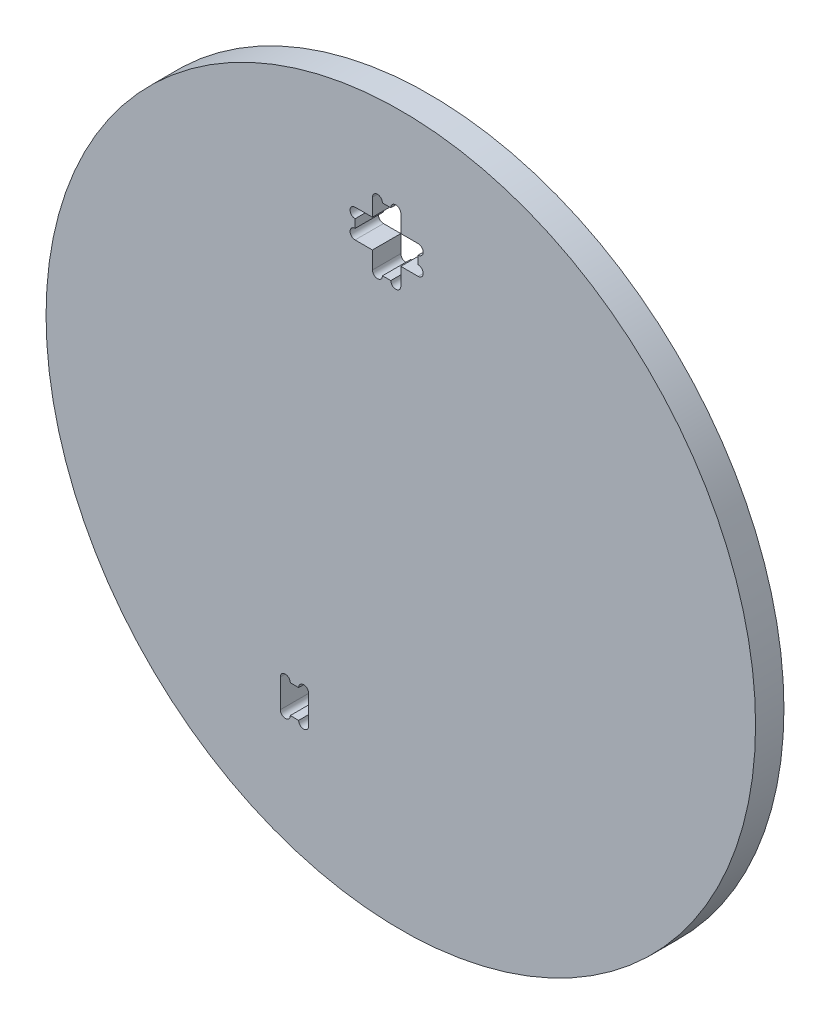
from build123d import *

# Parameters (mm, degrees)
SCHIZZO1_R                   = 225
ESTRUSIONE_ESTRUSIONE1_DEPTH = 18
TAGLIO_ESTRUSIONE3_DEPTH     = 56
TAGLIO_ESTRUSIONE4_DEPTH     = 110


with BuildPart() as part:
    # Schizzo1 → Estrusione-Estrusione1 (new body)
    with BuildSketch(Plane.XY):
        Circle(SCHIZZO1_R)
    extrude(amount=ESTRUSIONE_ESTRUSIONE1_DEPTH)

    # Schizzo1<7> → Taglio-Estrusione3 (cut)
    with BuildSketch(Plane.XY):
        with BuildLine():
            Line((-11.65, 168.428927822), (-6.35, 168.428927822))
            ThreePointArc((-6.35, 168.428927822), (-3.175, 171.603927822), (0, 168.428927822))
            Line((0, 168.428927822), (0, 157.428927822))
            Line((0, 157.428927822), (11, 157.428927822))
            ThreePointArc((11, 157.428927822), (14.175, 154.253927822), (11, 151.078927822))
            Line((11, 151.078927822), (11, 145.778927822))
            ThreePointArc((11, 145.778927822), (14.175, 142.603927822), (11, 139.428927822))
            Line((11, 139.428927822), (0, 139.428927822))
            Line((0, 139.428927822), (0, 128.428927822))
            ThreePointArc((0, 128.428927822), (-3.175, 125.253927822), (-6.35, 128.428927822))
            Line((-6.35, 128.428927822), (-11.65, 128.428927822))
            ThreePointArc((-11.65, 128.428927822), (-14.825, 125.253927822), (-18, 128.428927822))
            Line((-18, 128.428927822), (-18, 139.428927822))
            Line((-18, 139.428927822), (-29, 139.428927822))
            ThreePointArc((-29, 139.428927822), (-32.175, 142.603927822), (-29, 145.778927822))
            Line((-29, 145.778927822), (-29, 151.078927822))
            ThreePointArc((-29, 151.078927822), (-32.175, 154.253927822), (-29, 157.428927822))
            Line((-29, 157.428927822), (-18, 157.428927822))
            Line((-18, 157.428927822), (-18, 168.428927822))
            ThreePointArc((-18, 168.428927822), (-14.825, 171.603927822), (-11.65, 168.428927822))
        make_face()
    extrude(amount=TAGLIO_ESTRUSIONE3_DEPTH, mode=Mode.SUBTRACT)

    # Schizzo1<8> → Taglio-Estrusione4 (cut)
    with BuildSketch(Plane.XY):
        with BuildLine():
            Line((-70.097292154, -124.331072178), (-64.797292154, -124.331072178))
            ThreePointArc((-64.797292154, -124.331072178), (-61.622292154, -121.156072178), (-58.447292154, -124.331072178))
            Line((-58.447292154, -124.331072178), (-58.447292154, -142.331072178))
            ThreePointArc((-58.447292154, -142.331072178), (-61.622292154, -145.506072178), (-64.797292154, -142.331072178))
            Line((-64.797292154, -142.331072178), (-70.097292154, -142.331072178))
            ThreePointArc((-70.097292154, -142.331072178), (-73.272292154, -145.506072178), (-76.447292154, -142.331072178))
            Line((-76.447292154, -142.331072178), (-76.447292154, -124.331072178))
            ThreePointArc((-76.447292154, -124.331072178), (-73.272292154, -121.156072178), (-70.097292154, -124.331072178))
        make_face()
    extrude(amount=TAGLIO_ESTRUSIONE4_DEPTH, mode=Mode.SUBTRACT)


solid = part.part

○ ○ ○ ○

Exercise objective => Your output is the lines from the top of the entries through the line containing "Circle(SCHIZZO1_R)", exactly as they stand. No pictures belong in it.

Exercise response =>
from build123d import *

# Parameters (mm, degrees)
SCHIZZO1_R                   = 225
ESTRUSIONE_ESTRUSIONE1_DEPTH = 18
TAGLIO_ESTRUSIONE3_DEPTH     = 56
TAGLIO_ESTRUSIONE4_DEPTH     = 110


with BuildPart() as part:
    # Schizzo1 → Estrusione-Estrusione1 (new body)
    with BuildSketch(Plane.XY):
        Circle(SCHIZZO1_R)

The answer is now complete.